New Economics Papers
on Market Microstructure
Issue of 2013‒10‒05
five papers chosen by
Thanos Verousis

  1. The performance of bid-ask spread estimators under less than ideal conditions By Michael Bleaney; Zhiyong Li
  2. Understanding FX Liquidity By Karnaukh, Nina; Ranaldo, Angelo; Söderlind, Paul
  3. Can Information Demand Help to Predict Stock Market Liquidity ? Google it ! By Mohamed Arouri; Amal Aouadi; Philippe Foulquier; Frédéric Teulon
  4. Private Information in Markets: A Market Design Perspective By Marzena Rostek; Ji Hee Yoon
  5. Man or Machine? Rational trading without information about fundamentals. By Rossi, S; Tinn, K

  1. By: Michael Bleaney; Zhiyong Li
    Abstract: The performance of bid-ask spread estimators is investigated using simulation experiments. All estimators are much more accurate if the data are sampled at high frequency. In high-frequency data, the Huang-Stoll estimator, which requires order flow information, generally outperforms Roll-type estimators based on price information only. The exception is when there is feedback trading (order flows respond to past price movements), when the Huang-Stoll estimator is seriously biased. When only low-frequency (e.g. daily) data are available, the Corwin-Schultz estimator based on daily high and low prices is usually less inaccurate than the Huang-Stoll and Roll estimators. An important and empirically relevant exception is when the spread varies within the day; in this case the Corwin-Schultz estimator significantly overestimates the true spread.
    Date: 2013–09
  2. By: Karnaukh, Nina; Ranaldo, Angelo; Söderlind, Paul
    Abstract: Previous studies of liquidity in the foreign exchange (FX) market span short time periods or focus on specific measures of liquidity. In contrast, we provide a comprehensive study of FX liquidity and commonality over more than two decades and a cross-section of forty exchange rates. After identifying the most accurate liquidity proxies based on low-frequency and readily available data, we show that commonality in FX liquidities is stronger for developed currencies and in highly volatile markets. We also show that FX liquidity deteriorates with risk in stock, bond and FX markets, and that riskier currencies are more exposed to liquidity drops.

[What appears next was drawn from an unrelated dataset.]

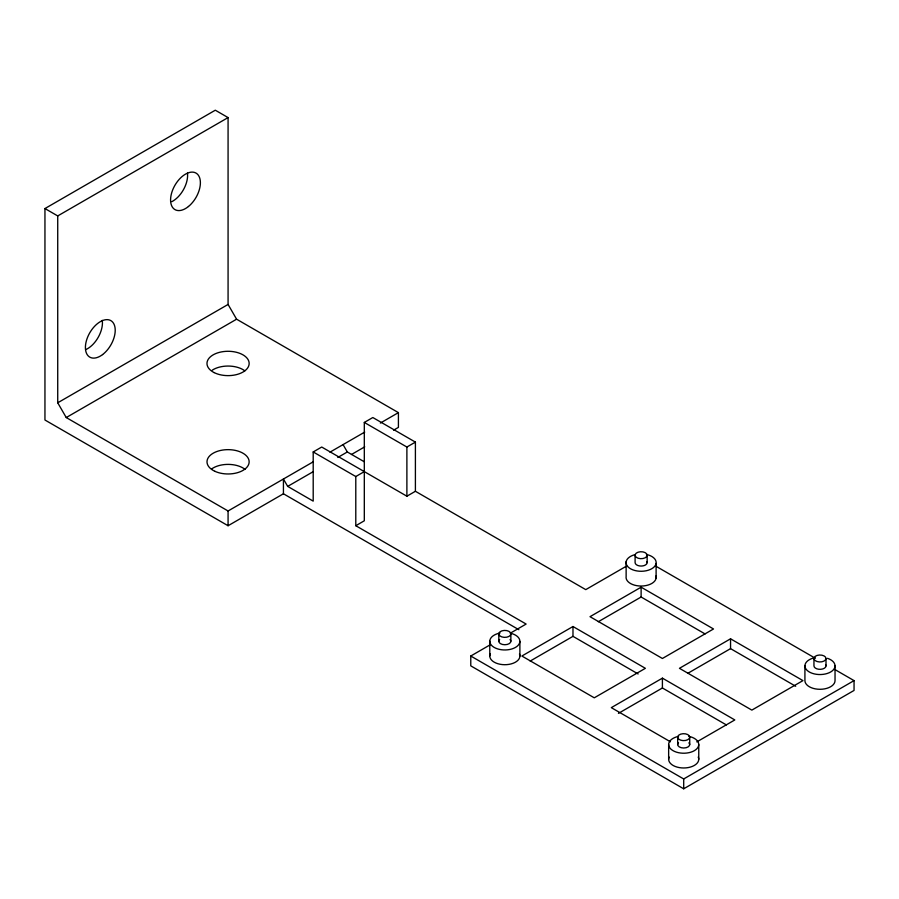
<?xml version="1.0" encoding="UTF-8"?>
<svg xmlns="http://www.w3.org/2000/svg" width="899" height="899" viewBox="0 0 899 899"><rect width="100%" height="100%" fill="white"/><g stroke="black" fill="none" stroke-linecap="round" stroke-linejoin="round"><path stroke-width="1.35" d="M518.847 629.693L283.432 493.776L228.076 525.735L44.95 420.013L44.95 208.557L215.299 110.206L228.076 117.589L228.076 304.446L236.594 319.201L398.414 412.63L398.414 427.385L393.605 430.16M44.95 208.557L57.727 215.929L228.076 117.589M313.245 461.805L228.076 510.98L66.245 417.552L57.727 402.797L228.076 304.446M66.245 417.552L236.594 319.201M283.432 493.776L283.432 479.021L287.691 486.393L313.2 501.125L313.2 451.95L321.718 447.028L406.887 496.203L415.405 491.281L585.755 589.632L626.67 566.01M313.2 451.95L355.79 476.537L355.79 525.713L364.309 520.791L364.309 422.44L372.827 417.529L415.405 442.117L415.405 491.281M329.944 452.175L364.724 432.093M380.367 423.058L398.414 412.63M287.691 486.393L312.74 471.941M337.777 457.479L347.317 451.972L364.32 461.794M351.487 454.489L364.724 446.837M355.79 476.537L364.309 471.615M364.309 422.44L406.887 447.028L415.405 442.117M834.688 669.429L854.05 680.61L854.05 690.443L683.701 788.794L470.773 665.856L470.773 656.023L490.022 644.898M510.486 633.087L526.129 624.052L355.79 525.713M572.978 626.513L521.87 656.023L594.273 697.815L645.381 668.317L572.978 626.513L572.978 636.346L638.133 673.969M641.122 587.182L590.014 616.68L662.406 658.484L713.514 628.974L641.122 587.182L641.122 597.015L705.063 633.93M530.196 661.057L572.978 636.346M598.329 621.715L641.122 597.015M696.781 741.9L734.809 719.942L662.406 678.149L611.309 707.648L670.429 741.787M730.55 638.807L679.442 668.317L751.845 710.109L802.942 680.61L730.55 638.807L730.55 648.64L795.705 686.263M618.433 713.368L662.406 687.982L726.358 724.909M687.769 673.351L730.55 648.64M470.773 656.023L683.701 778.961L854.05 680.61M655.641 566.055L815.337 658.259M343.058 444.6L347.317 451.972M835.036 665.856L835.036 680.61A15.058 8.698 0 0 1 819.978 689.297A15.058 8.698 0 0 1 804.92 680.61L804.92 665.856M826.001 658.484A6.023 3.472 0 0 1 816.966 661.495A6.023 3.472 0 0 1 816.966 655.472A6.023 3.472 0 0 1 826.001 658.484L826.001 665.856M813.955 658.484L813.955 665.856A6.023 3.472 0 0 0 820.765 669.306A6.023 3.472 0 0 0 825.799 664.957M698.759 744.529L698.759 759.284M689.724 737.158A6.023 3.472 0 0 1 680.689 740.169A6.023 3.472 0 0 1 680.689 734.146A6.023 3.472 0 0 1 689.724 737.158L689.724 744.529M683.701 778.961L683.701 788.794M677.677 737.158L677.677 744.529M668.642 744.529L668.642 759.284M662.406 678.149L662.406 687.982M656.101 563.459L656.101 578.214M647.145 555.211A6.023 3.472 0 0 1 638.11 558.223A6.023 3.472 0 0 1 638.11 552.2A6.023 3.472 0 0 1 647.145 555.211L647.145 562.594M635.099 555.211L635.099 562.594A6.023 3.472 0 0 0 641.908 566.033A6.023 3.472 0 0 0 646.932 561.684M626.131 561.718L626.131 576.473A15.058 8.698 0 0 0 641.583 586.036A15.058 8.698 0 0 0 655.978 575.944M519.892 641.448L519.892 656.203M510.868 633.896A6.023 3.472 0 0 1 501.833 636.908A6.023 3.472 0 0 1 501.833 630.884A6.023 3.472 0 0 1 510.868 633.896L510.868 641.268M498.821 633.896L498.821 641.268M489.786 641.088L489.786 655.843M406.887 447.028L406.887 496.203M228.076 510.98L228.076 525.735M57.727 215.929L57.727 402.797M519.465 653.944A15.058 8.698 0 0 1 504.53 664.709A15.058 8.698 0 0 1 490.382 653.595M698.242 757.037A15.058 8.698 0 0 1 683.701 767.982A15.058 8.698 0 0 1 669.159 757.037M646.448 554.458A15.058 8.698 0 0 1 653.337 567.662A15.058 8.698 0 0 1 629.457 568.089A15.058 8.698 0 0 1 634.93 554.661M827.507 658.326A15.058 8.698 0 0 1 830.934 671.823A15.058 8.698 0 0 1 807.403 670.632A15.058 8.698 0 0 1 814.831 657.686M688.915 742.799A6.023 3.472 0 0 1 683.701 748.013A6.023 3.472 0 0 1 678.487 742.799M688.848 736.36A15.058 8.698 0 0 1 695.781 749.721A15.058 8.698 0 0 1 671.62 749.721A15.058 8.698 0 0 1 678.554 736.36M510.059 639.526A6.023 3.472 0 0 1 504.845 644.74A6.023 3.472 0 0 1 499.619 639.526M510.284 633.166A15.058 8.698 0 0 1 516.723 646.606A15.058 8.698 0 0 1 492.573 646.314A15.058 8.698 0 0 1 499.99 633.042M211.647 468.93A21.082 12.17 0 0 1 245.09 469.379M212.288 370.152A21.082 12.17 0 0 1 244.854 370.849M102.261 320.359A21.082 12.17 -60 0 1 85.933 349.531M187.475 173.125A21.082 12.17 -60 0 1 171.799 201.679M214.108 372.579A21.082 12.17 0 0 0 248.731 365.882A21.082 12.17 0 0 0 221.379 351.914A21.082 12.17 0 0 0 214.108 372.579M214.861 471.29A21.082 12.17 0 0 0 248.899 463.67A21.082 12.17 0 0 0 220.457 450.466A21.082 12.17 0 0 0 214.861 471.29M102.598 354.566A21.082 12.17 -60 0 0 111.925 321.381A21.082 12.17 -60 0 0 86.416 340.676A21.082 12.17 -60 0 0 102.598 354.566M188.453 206.5A21.082 12.17 -60 0 0 196.645 173.496A21.082 12.17 -60 0 0 171.349 194.049A21.082 12.17 -60 0 0 188.453 206.5"/></g></svg>

    Keywords: exchange rates, liquidity, transaction costs, commonality, low-frequency data
    JEL: C15 F31 G12 G15
    Date: 2013–09
  3. By: Mohamed Arouri; Amal Aouadi; Philippe Foulquier; Frédéric Teulon
    Abstract: Numerous recent studies indicate that investors’ information demand affects stock market return and volatility. In this paper, we contribute to the literature by investigating whether information demand is a significant determinant of liquidity in the French stock market. Our main findings suggest that internet research volume tends to be positively related to market liquidity. In the out-of-sample analysis, we show that introducing information demand variables significantly improves liquidity forecasting.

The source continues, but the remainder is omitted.